HPItv
- HPItv logo
- Country: Canada
- Broadcast area: National
- Headquarters: Toronto, Ontario

Programming
- Picture format: 480i (SDTV)

Ownership
- Owner: Woodbine Entertainment Group

History
- Launched: September 2001
- Former names: The Racing Network Canada (2001-2005)

Links
- Website: HPItv

= HPItv =

Canadian television channel

HPItv (Horseplayer Interactive Television) is a Canadian English language Category B specialty network owned by Woodbine Entertainment Group. HPItv broadcasts thoroughbred, standardbred, and harness racing events and related programming.

==Channels and content==
HPItv consists of 4 multiplex channels:

- HPItv is the network's flagship feed. It features thoroughbred and harness racing from up to four tracks at a time in a quad-split screen format.
- HPItv Canada provides daily live coverage of primarily Canadian racetracks.
- HPItv International provides daily live coverage from primarily U.S. racetracks. International also features Great Britain & Ireland in the mornings and Australia & Hong Kong in the evening and some overnight.
- HPItv West provides daily live coverage from primarily Western racetracks in Canada and the United States.

==History==

Only logo as TRN

In November 2000, a joint venture between The Ontario Jockey Club (90%) and BCE Media (10%) called the Ontario Jockey Club (Partnership), was granted approval by the Canadian Radio-television and Telecommunications Commission (CRTC) to launch a television channel called The Racing Network Canada, described as "a national English-language Category 2 specialty television service dedicated to Canadian and international horse racing and horse racing related programming, including live races, related commentary, odds, replays, and results."

Logo used from 2005 to 2008

Prior to the channel's launch, in September 2001, the Ontario Jockey Club changed its name to Woodbine Entertainment Group and purchased BCE Media's shares in the service.

Later that same month, the channel was launched as The Racing Network Canada (TRN) with four multiplex channels— three devoted to live matches (Live Horse Racing Channel, Full Card Favourites - 1, and Full Card Favourites - 2) and one displaying pool odds, probables and results (Live Canadian Odds Channel).
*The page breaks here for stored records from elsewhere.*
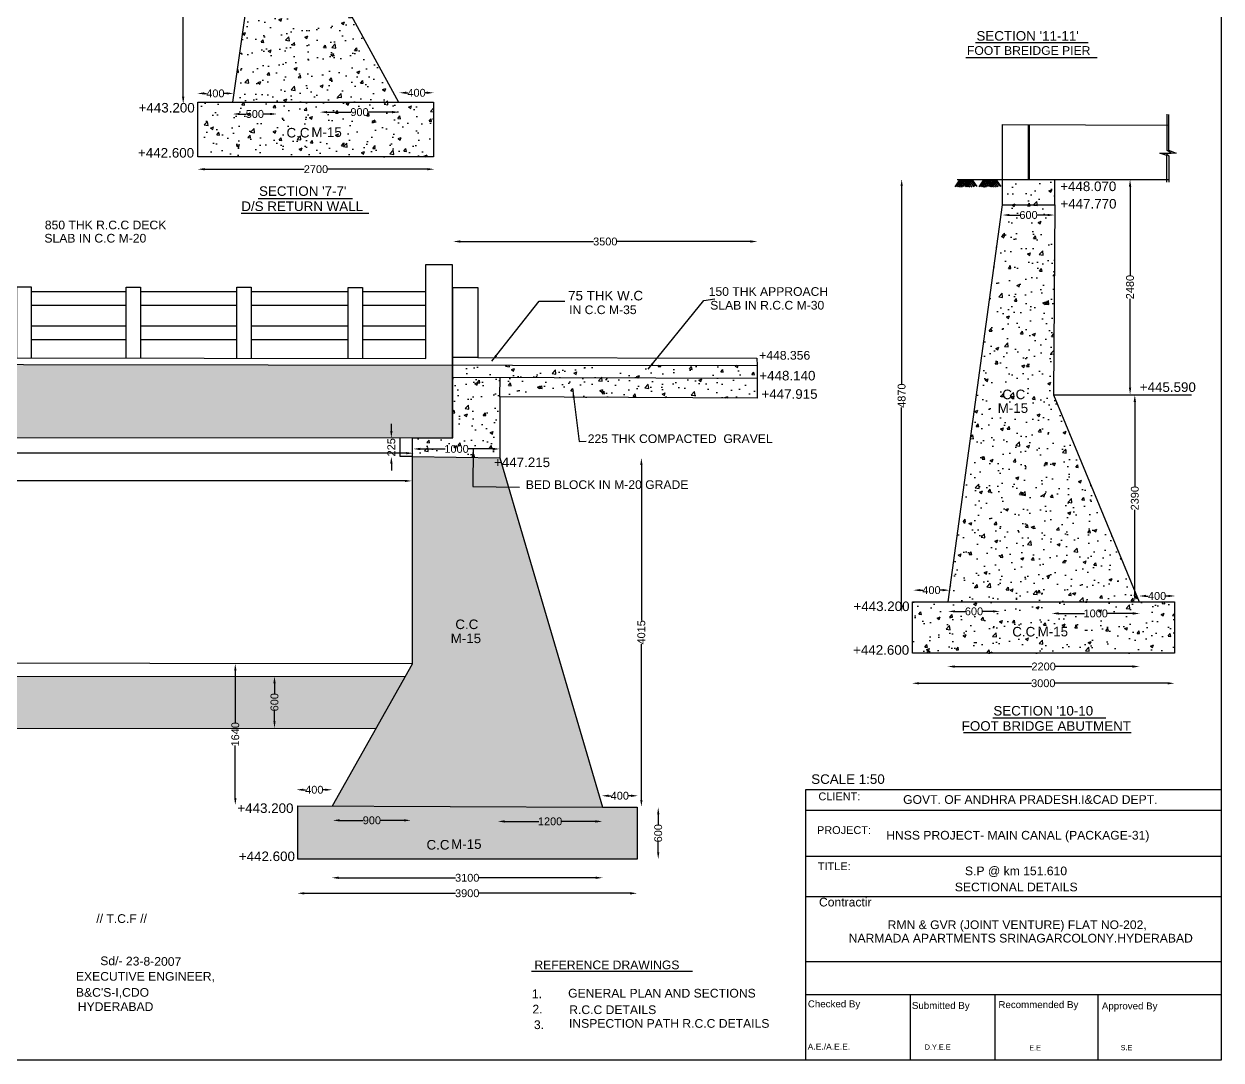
# Model space of a CAD drawing. Header units: millimetres. Extents: x 1232 to 35454, y 1325 to 26081.
# Drawn here: x 21684 to 35454, y 1325 to 13245 of the extents above; entities that cross this region are included whole.
import ezdxf

# ---------------------------------------------------------------- set-up
doc = ezdxf.new("R2010")
doc.units = ezdxf.units.MM
doc.header["$MEASUREMENT"] = 0
for name, color, linetype, plot in [('dim', 7, 'Continuous', False), ('dwg', 7, 'Continuous', False), ('dwg @ 1', 7, 'Continuous', False), ('text', 7, 'Continuous', False), ('text @ 1', 7, 'Continuous', False)]:
    doc.layers.add(name, color=color, linetype=linetype, plot=plot)
doc.styles.add('Notes', font='arial.ttf', dxfattribs={"height": 0.1})
doc.styles.get("Standard").update_dxf_attribs({"font": 'arial.ttf'})
doc.dimstyles.new('Civil', dxfattribs={"dimtxt": 90, "dimasz": 80, "dimexe": 0.1, "dimexo": 0.0625, "dimgap": 0.09, "dimtad": 0, "dimdec": 0, "dimzin": 12, "dimdsep": 46, "dimtxsty": 'Standard', "dimcen": 0.1, "dimse1": 1, "dimse2": 1, "dimadec": 0, "dimazin": 2, "dimtfac": 1, "dimtdec": 0, "dimtofl": 0, "dimtmove": 0, "dimatfit": 3, "dimfxl": 1, "dimfrac": 1, "dimtolj": 1, "dimtzin": 0, "dimarcsym": 0})
pattern_1 = [(50, (0, 0), (358.63, -31.376), [37.5, -412.5]), (355, (0, 0), (-69.3757, 376.096), [30, -330]), (100.4514, (29.9, -2.6), (289.2544, 344.72), [31.87, -350.571]), (46.1842, (0, 100), (533.6207, -82.7596), [56.25, -618.75]), (96.6356, (44.47, 93.1), (467.331, 487.059), [47.805, -525.857]), (351.1842, (0, 100), (467.331, 487.059), [45, -495]), (21, (50, 75), (298.4535, -201.3094), [37.5, -412.5]), (326, (50, 75), (121.6577, 362.575), [30, -330]), (71.4514, (74.87, 58.22), (420.1112, 161.2656), [31.87, -350.571]), (37.5, (0, 0), (6.07993, 166.44693), [0, -326, 0, -335, 0, -331.25]), (7.5, (0, 0), (131.5348, 197.20586), [0, -191, 0, -318.5, 0, -126.25]), (327.5, (-111.5, 0), (266.9112, -11.27744), [0, -125, 0, -390, 0, -517.5]), (317.5, (-161.5, 0), (291.5931, 50.0525), [0, -162.5, 0, -259, 0, -367.5])]

# ---------------------------------------------------------------- blocks, each defined once
blk = doc.blocks.new('*D62')
at = {"layer": 'Defpoints', "color": 0, "transparency": 16777216}
for p in [(32938, 11160), (33540, 11160), (33540, 11047)]:
    blk.add_point(p, dxfattribs=at)
at = {"layer": 'dim', "color": 0, "lineweight": -2, "transparency": 16777216}
for p, q in [((33018, 11047), (33140, 11047)), ((33460, 11047), (33339, 11047))]:
    blk.add_line(p, q, dxfattribs=at)
at = {"layer": 'dim', "color": 0, "transparency": 16777216}
for points in [[(33018, 11060), (33018, 11034), (32938, 11047)], [(33460, 11060), (33460, 11034), (33540, 11047)]]:
    blk.add_solid(points, dxfattribs=at)
at = {"layer": 'dim', "color": 0, "transparency": 16777216, "insert": (33239, 11047), "char_height": 90, "attachment_point": 5}
blk.add_mtext('\\A1;600', dxfattribs=at)
blk = doc.blocks.new('*D63')
at = {"layer": 'Defpoints', "color": 0, "transparency": 16777216}
for p in [(34376, 11454), (34376, 8982), (34407, 8982)]:
    blk.add_point(p, dxfattribs=at)
at = {"layer": 'dim', "color": 0, "lineweight": -2, "transparency": 16777216}
for p, q in [((34407, 11374), (34407, 10353)), ((34407, 9062), (34407, 10083))]:
    blk.add_line(p, q, dxfattribs=at)
at = {"layer": 'dim', "color": 0, "transparency": 16777216}
for points in [[(34394, 11374), (34421, 11374), (34407, 11454)], [(34394, 9062), (34421, 9062), (34407, 8982)]]:
    blk.add_solid(points, dxfattribs=at)
at = {"layer": 'dim', "color": 0, "transparency": 16777216, "insert": (34407, 10218), "char_height": 90, "attachment_point": 5, "rotation": 90}
blk.add_mtext('\\A1;2480', dxfattribs=at)
blk = doc.blocks.new('*D64')
at = {"layer": 'Defpoints', "color": 0, "transparency": 16777216}
for p in [(34330, 8977), (34330, 6600), (34462, 6600)]:
    blk.add_point(p, dxfattribs=at)
at = {"layer": 'dim', "color": 0, "lineweight": -2, "transparency": 16777216}
for p, q in [((34462, 8897), (34462, 7924)), ((34462, 6680), (34462, 7654))]:
    blk.add_line(p, q, dxfattribs=at)
at = {"layer": 'dim', "color": 0, "transparency": 16777216}
for points in [[(34448, 8897), (34475, 8897), (34462, 8977)], [(34448, 6680), (34475, 6680), (34462, 6600)]]:
    blk.add_solid(points, dxfattribs=at)
at = {"layer": 'dim', "color": 0, "transparency": 16777216, "insert": (34462, 7789), "char_height": 90, "attachment_point": 5, "rotation": 90}
blk.add_mtext('\\A1;2390', dxfattribs=at)
blk = doc.blocks.new('*D65')
at = {"layer": 'Defpoints', "color": 0, "transparency": 16777216}
for p in [(31916, 6692), (32330, 6731), (32330, 6692)]:
    blk.add_point(p, dxfattribs=at)
at = {"layer": 'dim', "color": 0, "lineweight": -2, "transparency": 16777216}
for p, q in [((31996, 6731), (32022, 6731)), ((32250, 6731), (32224, 6731))]:
    blk.add_line(p, q, dxfattribs=at)
at = {"layer": 'dim', "color": 0, "transparency": 16777216}
for points in [[(31996, 6745), (31996, 6718), (31916, 6731)], [(32250, 6745), (32250, 6718), (32330, 6731)]]:
    blk.add_solid(points, dxfattribs=at)
at = {"layer": 'dim', "color": 0, "transparency": 16777216, "insert": (32123, 6731), "char_height": 90, "attachment_point": 5}
blk.add_mtext('\\A1;400', dxfattribs=at)
blk = doc.blocks.new('*D66')
at = {"layer": 'Defpoints', "color": 0, "transparency": 16777216}
for p in [(34511, 6708), (34926, 6708), (34926, 6664)]:
    blk.add_point(p, dxfattribs=at)
at = {"layer": 'dim', "color": 0, "lineweight": -2, "transparency": 16777216}
for p, q in [((34591, 6664), (34617, 6664)), ((34846, 6664), (34820, 6664))]:
    blk.add_line(p, q, dxfattribs=at)
at = {"layer": 'dim', "color": 0, "transparency": 16777216}
for points in [[(34591, 6678), (34591, 6651), (34511, 6664)], [(34846, 6678), (34846, 6651), (34926, 6664)]]:
    blk.add_solid(points, dxfattribs=at)
at = {"layer": 'dim', "color": 0, "transparency": 16777216, "insert": (34718, 6664), "char_height": 90, "attachment_point": 5}
blk.add_mtext('\\A1;400', dxfattribs=at)
blk = doc.blocks.new('*D67')
at = {"layer": 'Defpoints', "color": 0, "transparency": 16777216}
for p in [(31900, 5683), (34918, 5683), (34918, 5660)]:
    blk.add_point(p, dxfattribs=at)
at = {"layer": 'dim', "color": 0, "lineweight": -2, "transparency": 16777216}
for p, q in [((31980, 5660), (33275, 5660)), ((34838, 5660), (33543, 5660))]:
    blk.add_line(p, q, dxfattribs=at)
at = {"layer": 'dim', "color": 0, "transparency": 16777216}
for points in [[(31980, 5673), (31980, 5646), (31900, 5660)], [(34838, 5673), (34838, 5646), (34918, 5660)]]:
    blk.add_solid(points, dxfattribs=at)
at = {"layer": 'dim', "color": 0, "transparency": 16777216, "insert": (33409, 5660), "char_height": 90, "attachment_point": 5}
blk.add_mtext('\\A1;3000', dxfattribs=at)
blk = doc.blocks.new('*D68')
at = {"layer": 'Defpoints', "color": 0, "transparency": 16777216}
for p in [(32310, 5861), (34515, 5861), (34515, 5853)]:
    blk.add_point(p, dxfattribs=at)
at = {"layer": 'dim', "color": 0, "lineweight": -2, "transparency": 16777216}
for p, q in [((32390, 5853), (33278, 5853)), ((34435, 5853), (33548, 5853))]:
    blk.add_line(p, q, dxfattribs=at)
at = {"layer": 'dim', "color": 0, "transparency": 16777216}
for points in [[(32390, 5866), (32390, 5839), (32310, 5853)], [(34435, 5866), (34435, 5839), (34515, 5853)]]:
    blk.add_solid(points, dxfattribs=at)
at = {"layer": 'dim', "color": 0, "transparency": 16777216, "insert": (33413, 5853), "char_height": 90, "attachment_point": 5}
blk.add_mtext('\\A1;2200', dxfattribs=at)
blk = doc.blocks.new('*D69')
at = {"layer": 'Defpoints', "color": 0, "transparency": 16777216}
for p in [(32314, 6491), (32910, 6491), (32910, 6487)]:
    blk.add_point(p, dxfattribs=at)
at = {"layer": 'dim', "color": 0, "lineweight": -2, "transparency": 16777216}
for p, q in [((32394, 6487), (32512, 6487)), ((32830, 6487), (32712, 6487))]:
    blk.add_line(p, q, dxfattribs=at)
at = {"layer": 'dim', "color": 0, "transparency": 16777216}
for points in [[(32394, 6500), (32394, 6474), (32314, 6487)], [(32830, 6500), (32830, 6474), (32910, 6487)]]:
    blk.add_solid(points, dxfattribs=at)
at = {"layer": 'dim', "color": 0, "transparency": 16777216, "insert": (32612, 6487), "char_height": 90, "attachment_point": 5}
blk.add_mtext('\\A1;600', dxfattribs=at)
blk = doc.blocks.new('*D70')
at = {"layer": 'Defpoints', "color": 0, "transparency": 16777216}
for p in [(33506, 6463), (34519, 6463), (34519, 6463)]:
    blk.add_point(p, dxfattribs=at)
at = {"layer": 'dim', "color": 0, "lineweight": -2, "transparency": 16777216}
for p, q in [((33586, 6463), (33882, 6463)), ((34439, 6463), (34142, 6463))]:
    blk.add_line(p, q, dxfattribs=at)
at = {"layer": 'dim', "color": 0, "transparency": 16777216}
for points in [[(33586, 6477), (33586, 6450), (33506, 6463)], [(34439, 6477), (34439, 6450), (34519, 6463)]]:
    blk.add_solid(points, dxfattribs=at)
at = {"layer": 'dim', "color": 0, "transparency": 16777216, "insert": (34012, 6463), "char_height": 90, "attachment_point": 5}
blk.add_mtext('\\A1;1000', dxfattribs=at)
blk = doc.blocks.new('*D71')
at = {"layer": 'Defpoints', "color": 0, "transparency": 16777216}
for p in [(31695, 11460), (31780, 11460), (31695, 6477)]:
    blk.add_point(p, dxfattribs=at)
at = {"layer": 'dim', "color": 0, "lineweight": -2, "transparency": 16777216}
for p, q in [((31780, 11380), (31780, 9105)), ((31780, 6557), (31780, 8833))]:
    blk.add_line(p, q, dxfattribs=at)
at = {"layer": 'dim', "color": 0, "transparency": 16777216}
for points in [[(31767, 11380), (31793, 11380), (31780, 11460)], [(31767, 6557), (31793, 6557), (31780, 6477)]]:
    blk.add_solid(points, dxfattribs=at)
at = {"layer": 'dim', "color": 0, "transparency": 16777216, "insert": (31780, 8969), "char_height": 90, "attachment_point": 5, "rotation": 90}
blk.add_mtext('\\A1;4870', dxfattribs=at)
blk = doc.blocks.new('*D72')
at = {"layer": 'Defpoints', "color": 0, "transparency": 16777216}
for p in [(24829, 3289), (28737, 3289), (28737, 3244)]:
    blk.add_point(p, dxfattribs=at)
at = {"layer": 'dim', "color": 0, "lineweight": -2, "transparency": 16777216}
for p, q in [((24909, 3244), (26649, 3244)), ((28657, 3244), (26917, 3244))]:
    blk.add_line(p, q, dxfattribs=at)
at = {"layer": 'dim', "color": 0, "transparency": 16777216}
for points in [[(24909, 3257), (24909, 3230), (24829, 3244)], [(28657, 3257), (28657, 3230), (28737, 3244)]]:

In 2004, TRN launched a fifth channel, TRN West.

In March 2005, TRN was rebranded HPItv to align it with Woodbine's online and telephone wagering service, HorsePlayer Interactive (HPI).

Logo from 2008 to 2015

On January 11, 2017, Woodbine Entertainment Group announced that it would shutter the service on April 11, 2017, due to diminishing subscribers and rising production costs. The main channel was to continue to operate with a lighter track load until the scheduled closing date, and on minimal staff. Despite the intended closure of the channel, the HPItv Canada, HPItv International, and HPItv West feeds, which operate under a pay-per-view (PPV) licence agreement, would continue to be offered to television service providers. On February 27, 2017, Woodbine Entertainment Group announced that it was reversing its decision to discontinue the service, citing feedback from horseplayers and racing fans. Despite not shuttering the service entirely, only the HPItv Odds channel would be shuttered on May 1, 2017, while the flagship channel, HPItv, would remain on the air in a revised format which launched on March 1, 2017, whereby the live feed of up to four tracks will be displayed simultaneously on a new quad-split screen format throughout the racing day and evening. This eliminated the need for the staff running the original channel that switched between tracks throughout the day. The 3 remaining PPV channels would remain on air displaying one track at a time, as was always the format.